The Saudi-Jordanian Investment Co. invested in three promising Jordanian firms: Opensooq platform, Capital Bank Group, and Al-Youm Bakery, and announced a major project in healthcare and medical education — the Kingdom Healthcare and Medical Education Project. 

The Saudi-Bahraini Investment Co. recently signed an agreement with Mumtalakat, Bahrain’s sovereign wealth fund, to enhance cooperation and investment in strategic sectors. This follows a memorandum of understanding between PIF and Mumtalakat in March 2024 to expand collaboration opportunities. 

Al-Shathri added that the Saudi-Omani Investment Co. acquired a 9.8 percent stake in Abraj Energy Services, 3.75 percent in OQ Basic Industries, and 4.9 percent in OQ Oman Gas Networks, for a total investment of $163 million.

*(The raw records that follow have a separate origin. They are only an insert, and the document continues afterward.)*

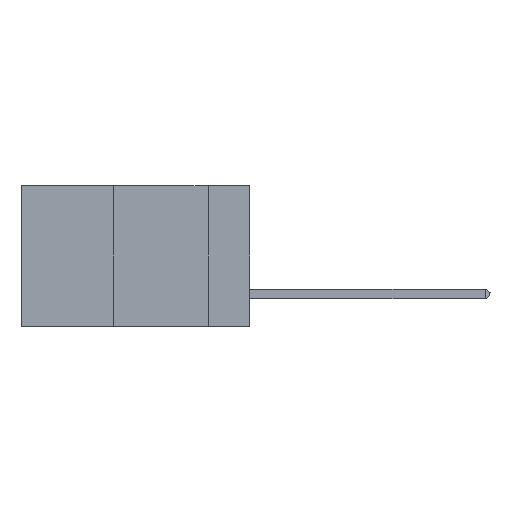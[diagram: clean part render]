
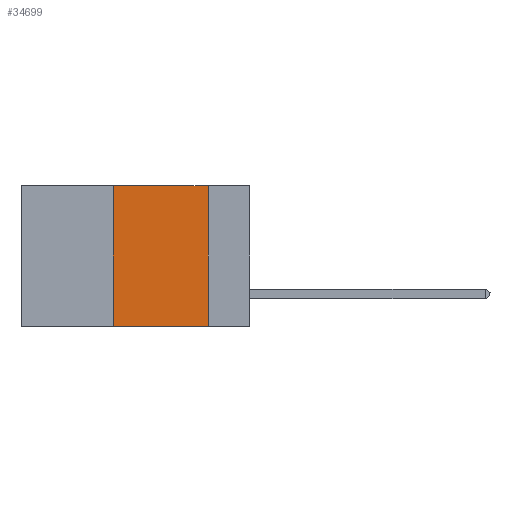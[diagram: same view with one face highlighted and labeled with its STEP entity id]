
A CAD part, left-side view. The second image highlights one B-rep face of the part: STEP entity #34699.
In plain terms, the highlighted planar face has unit normal (-1, 0, 0).
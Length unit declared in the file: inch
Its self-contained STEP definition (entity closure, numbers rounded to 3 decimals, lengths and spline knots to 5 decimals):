
#613 = LINE ( 'NONE', #3700, #37289 ) ;
#3548 = EDGE_LOOP ( 'NONE', ( #26415, #36180, #28890, #32024 ) ) ;
#3700 = CARTESIAN_POINT ( 'NONE',  ( 0., 0.36, 0. ) ) ;
#6495 = VERTEX_POINT ( 'NONE', #30559 ) ;
#6766 = CARTESIAN_POINT ( 'NONE',  ( 0., 0.11, -0.37 ) ) ;
#7103 = CARTESIAN_POINT ( 'NONE',  ( 0., 0.11, 0. ) ) ;
#8198 = EDGE_CURVE ( 'NONE', #25078, #32354, #25489, .T. ) ;
#11311 = LINE ( 'NONE', #7103, #34432 ) ;
#14062 = VERTEX_POINT ( 'NONE', #31268 ) ;
#14384 = PLANE ( 'NONE',  #16807 ) ;
#14650 = DIRECTION ( 'NONE',  ( 1., 0., 0. ) ) ;
#14793 = DIRECTION ( 'NONE',  ( 0., 0., -1. ) ) ;
#16807 = AXIS2_PLACEMENT_3D ( 'NONE', #36830, #14650, #14793 ) ;
#19974 = EDGE_CURVE ( 'NONE', #25078, #14062, #613, .T. ) ;
#20928 = VECTOR ( 'NONE', #23770, 39.37008 ) ;
#22678 = EDGE_CURVE ( 'NONE', #14062, #6495, #39110, .T. ) ;
#23770 = DIRECTION ( 'NONE',  ( 0., -1., 0. ) ) ;
#25078 = VERTEX_POINT ( 'NONE', #26918 ) ;
#25489 = LINE ( 'NONE', #39752, #20928 ) ;
#25601 = FACE_OUTER_BOUND ( 'NONE', #3548, .T. ) ;
#26415 = ORIENTED_EDGE ( 'NONE', *, *, #35772, .F. ) ;
#26918 = CARTESIAN_POINT ( 'NONE',  ( 0., 0.36, -0.37 ) ) ;
#28890 = ORIENTED_EDGE ( 'NONE', *, *, #19974, .F. ) ;
#29393 = DIRECTION ( 'NONE',  ( 0., 0., 1. ) ) ;
#29714 = DIRECTION ( 'NONE',  ( 0., 0., -1. ) ) ;
#30559 = CARTESIAN_POINT ( 'NONE',  ( 0., 0.11, 0. ) ) ;
#31268 = CARTESIAN_POINT ( 'NONE',  ( 0., 0.36, 0. ) ) ;
#31489 = CARTESIAN_POINT ( 'NONE',  ( 0., 0.6, 0. ) ) ;
#32024 = ORIENTED_EDGE ( 'NONE', *, *, #8198, .T. ) ;
#32354 = VERTEX_POINT ( 'NONE', #6766 ) ;
#34280 = DIRECTION ( 'NONE',  ( 0., -1., 0. ) ) ;
#34432 = VECTOR ( 'NONE', #29714, 39.37008 ) ;
#34699 = ADVANCED_FACE ( 'NONE', ( #25601 ), #14384, .F. ) ;
#35772 = EDGE_CURVE ( 'NONE', #6495, #32354, #11311, .T. ) ;
#36180 = ORIENTED_EDGE ( 'NONE', *, *, #22678, .F. ) ;
#36830 = CARTESIAN_POINT ( 'NONE',  ( 0., 0.6, 0. ) ) ;
#37289 = VECTOR ( 'NONE', #29393, 39.37008 ) ;
#39110 = LINE ( 'NONE', #31489, #40654 ) ;
#39752 = CARTESIAN_POINT ( 'NONE',  ( 0., 0.6, -0.37 ) ) ;
#40654 = VECTOR ( 'NONE', #34280, 39.37008 ) ;
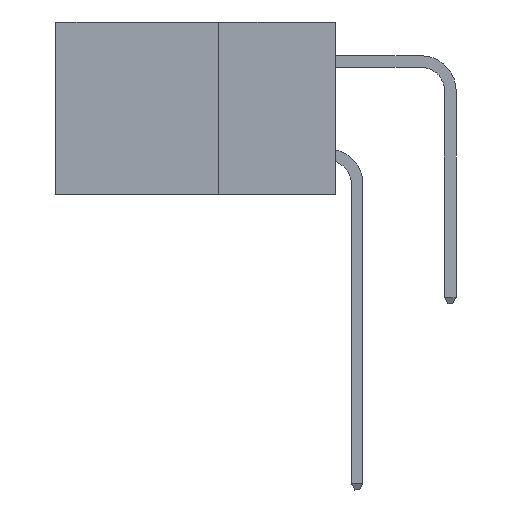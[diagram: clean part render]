
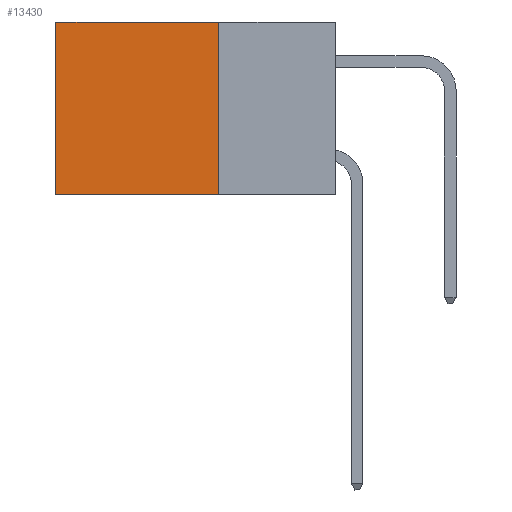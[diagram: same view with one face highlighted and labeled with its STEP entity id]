
A CAD part, left-side view. The second image highlights one B-rep face of the part: STEP entity #13430.
In plain terms, the highlighted planar face has unit normal (-1, 0, 0).
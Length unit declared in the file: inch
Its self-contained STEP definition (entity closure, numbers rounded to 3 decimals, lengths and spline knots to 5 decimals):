
#888 = VECTOR ( 'NONE', #8021, 39.37008 ) ;
#956 = ORIENTED_EDGE ( 'NONE', *, *, #2324, .F. ) ;
#1480 = EDGE_CURVE ( 'NONE', #10057, #11659, #11983, .T. ) ;
#2286 = VERTEX_POINT ( 'NONE', #9799 ) ;
#2324 = EDGE_CURVE ( 'NONE', #8410, #11659, #8323, .T. ) ;
#2355 = ORIENTED_EDGE ( 'NONE', *, *, #9457, .F. ) ;
#2532 = DIRECTION ( 'NONE',  ( 0., 1., 0. ) ) ;
#2602 = VECTOR ( 'NONE', #2532, 39.37008 ) ;
#2695 = CARTESIAN_POINT ( 'NONE',  ( 0.2875, 0.6, -0.37 ) ) ;
#2771 = ORIENTED_EDGE ( 'NONE', *, *, #1480, .T. ) ;
#3104 = EDGE_LOOP ( 'NONE', ( #2771, #956, #2355, #7096 ) ) ;
#3397 = CARTESIAN_POINT ( 'NONE',  ( 0.2875, 0.25, 0. ) ) ;
#3445 = CARTESIAN_POINT ( 'NONE',  ( 0.2875, 0.25, -0.37 ) ) ;
#4047 = LINE ( 'NONE', #9141, #888 ) ;
#4512 = CARTESIAN_POINT ( 'NONE',  ( 0.2875, 0.6, 0. ) ) ;
#4932 = AXIS2_PLACEMENT_3D ( 'NONE', #7974, #12524, #5708 ) ;
#5708 = DIRECTION ( 'NONE',  ( 0., 0., -1. ) ) ;
#7096 = ORIENTED_EDGE ( 'NONE', *, *, #11404, .T. ) ;
#7224 = VECTOR ( 'NONE', #10247, 39.37008 ) ;
#7548 = CARTESIAN_POINT ( 'NONE',  ( 0.2875, 0.6, 0. ) ) ;
#7573 = DIRECTION ( 'NONE',  ( 0., 0., -1. ) ) ;
#7682 = CARTESIAN_POINT ( 'NONE',  ( 0.2875, 0.25, -0.37 ) ) ;
#7974 = CARTESIAN_POINT ( 'NONE',  ( 0.2875, 0.25, 0. ) ) ;
#8021 = DIRECTION ( 'NONE',  ( 0., 0., -1. ) ) ;
#8253 = VECTOR ( 'NONE', #7573, 39.37008 ) ;
#8323 = LINE ( 'NONE', #3445, #2602 ) ;
#8410 = VERTEX_POINT ( 'NONE', #7682 ) ;
#9141 = CARTESIAN_POINT ( 'NONE',  ( 0.2875, 0.25, 0. ) ) ;
#9457 = EDGE_CURVE ( 'NONE', #2286, #8410, #4047, .T. ) ;
#9795 = FACE_OUTER_BOUND ( 'NONE', #3104, .T. ) ;
#9799 = CARTESIAN_POINT ( 'NONE',  ( 0.2875, 0.25, 0. ) ) ;
#10057 = VERTEX_POINT ( 'NONE', #4512 ) ;
#10178 = LINE ( 'NONE', #3397, #7224 ) ;
#10247 = DIRECTION ( 'NONE',  ( 0., 1., 0. ) ) ;
#11347 = PLANE ( 'NONE',  #4932 ) ;
#11404 = EDGE_CURVE ( 'NONE', #2286, #10057, #10178, .T. ) ;
#11659 = VERTEX_POINT ( 'NONE', #2695 ) ;
#11983 = LINE ( 'NONE', #7548, #8253 ) ;
#12524 = DIRECTION ( 'NONE',  ( 1., 0., 0. ) ) ;
#13430 = ADVANCED_FACE ( 'NONE', ( #9795 ), #11347, .F. ) ;
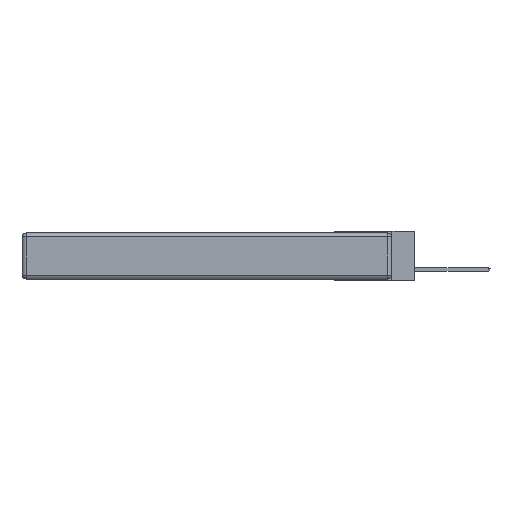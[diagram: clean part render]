
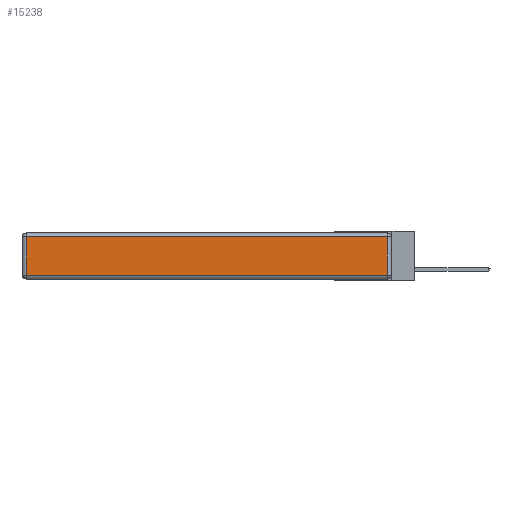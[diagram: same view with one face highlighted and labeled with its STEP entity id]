
A CAD part, left-side view. The second image highlights one B-rep face of the part: STEP entity #15238.
In plain terms, the highlighted planar face has unit normal (-1, 0, 0).
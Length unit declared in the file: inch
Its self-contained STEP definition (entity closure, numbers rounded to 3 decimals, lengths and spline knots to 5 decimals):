
#637 = VERTEX_POINT ( 'NONE', #17264 ) ;
#886 = LINE ( 'NONE', #4742, #14428 ) ;
#1558 = DIRECTION ( 'NONE',  ( 0., 0., 1. ) ) ;
#3974 = ORIENTED_EDGE ( 'NONE', *, *, #17092, .T. ) ;
#4742 = CARTESIAN_POINT ( 'NONE',  ( 0., 2.72, -0.343 ) ) ;
#4972 = CARTESIAN_POINT ( 'NONE',  ( 0., 0.03, -0.313 ) ) ;
#5246 = VERTEX_POINT ( 'NONE', #5351 ) ;
#5351 = CARTESIAN_POINT ( 'NONE',  ( 0., 2.72, -0.03 ) ) ;
#6443 = DIRECTION ( 'NONE',  ( 0., 0., 1. ) ) ;
#6531 = LINE ( 'NONE', #10022, #12197 ) ;
#6813 = VECTOR ( 'NONE', #1558, 39.37008 ) ;
#7020 = DIRECTION ( 'NONE',  ( 0., 0., -1. ) ) ;
#7496 = VERTEX_POINT ( 'NONE', #4972 ) ;
#9166 = EDGE_CURVE ( 'NONE', #7496, #14964, #9639, .T. ) ;
#9352 = EDGE_CURVE ( 'NONE', #14964, #5246, #6531, .T. ) ;
#9534 = ORIENTED_EDGE ( 'NONE', *, *, #9352, .T. ) ;
#9639 = LINE ( 'NONE', #21208, #6813 ) ;
#10022 = CARTESIAN_POINT ( 'NONE',  ( 0., 2.75, -0.03 ) ) ;
#10517 = LINE ( 'NONE', #18464, #14053 ) ;
#11869 = FACE_OUTER_BOUND ( 'NONE', #15955, .T. ) ;
#12197 = VECTOR ( 'NONE', #18417, 39.37008 ) ;
#12995 = CARTESIAN_POINT ( 'NONE',  ( 0., 0.03, -0.03 ) ) ;
#13943 = EDGE_CURVE ( 'NONE', #5246, #637, #886, .T. ) ;
#14053 = VECTOR ( 'NONE', #16896, 39.37008 ) ;
#14428 = VECTOR ( 'NONE', #7020, 39.37008 ) ;
#14541 = CARTESIAN_POINT ( 'NONE',  ( 0., 0., -0.343 ) ) ;
#14964 = VERTEX_POINT ( 'NONE', #12995 ) ;
#15238 = ADVANCED_FACE ( 'NONE', ( #11869 ), #16284, .T. ) ;
#15955 = EDGE_LOOP ( 'NONE', ( #3974, #17859, #9534, #19581 ) ) ;
#16284 = PLANE ( 'NONE',  #19503 ) ;
#16896 = DIRECTION ( 'NONE',  ( 0., -1., 0. ) ) ;
#17092 = EDGE_CURVE ( 'NONE', #637, #7496, #10517, .T. ) ;
#17264 = CARTESIAN_POINT ( 'NONE',  ( 0., 2.72, -0.313 ) ) ;
#17859 = ORIENTED_EDGE ( 'NONE', *, *, #9166, .T. ) ;
#18417 = DIRECTION ( 'NONE',  ( 0., 1., 0. ) ) ;
#18464 = CARTESIAN_POINT ( 'NONE',  ( 0., 0., -0.313 ) ) ;
#19457 = DIRECTION ( 'NONE',  ( -1., 0., 0. ) ) ;
#19503 = AXIS2_PLACEMENT_3D ( 'NONE', #14541, #19457, #6443 ) ;
#19581 = ORIENTED_EDGE ( 'NONE', *, *, #13943, .T. ) ;
#21208 = CARTESIAN_POINT ( 'NONE',  ( 0., 0.03, -0.343 ) ) ;

The company also signed an MoU with the Oman Investment Authority to expand cooperation and support new investment opportunities in the sultanate. 

Investment based on clear principles 

Al-Shathri emphasized that PIF establishes companies based on strict investment criteria, aiming for sustainable returns in line with calculated risk levels, stressing that returns are received as expected. 

“Our investment policy is open to all sectors in every market, though each market has its own competitive advantages,” he said. 

He added: “We always target quality investments with rewarding, sustainable returns while creating positive social and economic impact in each market.” 

Ongoing market monitoring and research 

As for future announcements, Al-Shathri said: “We are constantly monitoring the markets and have a team of experts at the fund working in the research sector. If we identify opportunities in other markets, they will be presented in line with PIF’s standard procedures.” 

He added that the fund always pays close attention to the capabilities of the company and other shareholders, “ensuring they are of a very high standard not just in terms of the company’s financial value, because financial value can only be preserved and grown by strong management and partners.” 

Domestic focus and strategic partnerships 

Regarding the Saudi economy, Al-Shathri said that domestic matters are a priority for the PIF, especially since Saudi Arabia has the largest economy in the region. 

He added: “We are always keen to allocate most of our investments within Saudi Arabia and attract investment funds to the country.” 

Recently, the fund closed a deal between a consortium of BlackRock investors and Saudi Aramco in the Al-Jafurah field. It is worth noting that BlackRock’s infrastructure investments in Saudi Arabia exceed $20 billion, according to previous announcements. 

On the key companies targeted by the fund, Al-Shathri said some will be announced soon, emphasizing that PIF’s strategy is clear: to seek high-growth companies that serve the fund’s objectives and align with Vision 2030 goals. 

He pointed out that the fund engages with numerous companies that see significant value in partnering with it, adding that PIF’s efforts go beyond launching investment opportunities and providing regional expansion capabilities, emphasizing that they also include contributing to the companies’ growth, improving governance, and enhancing prospects for public listing.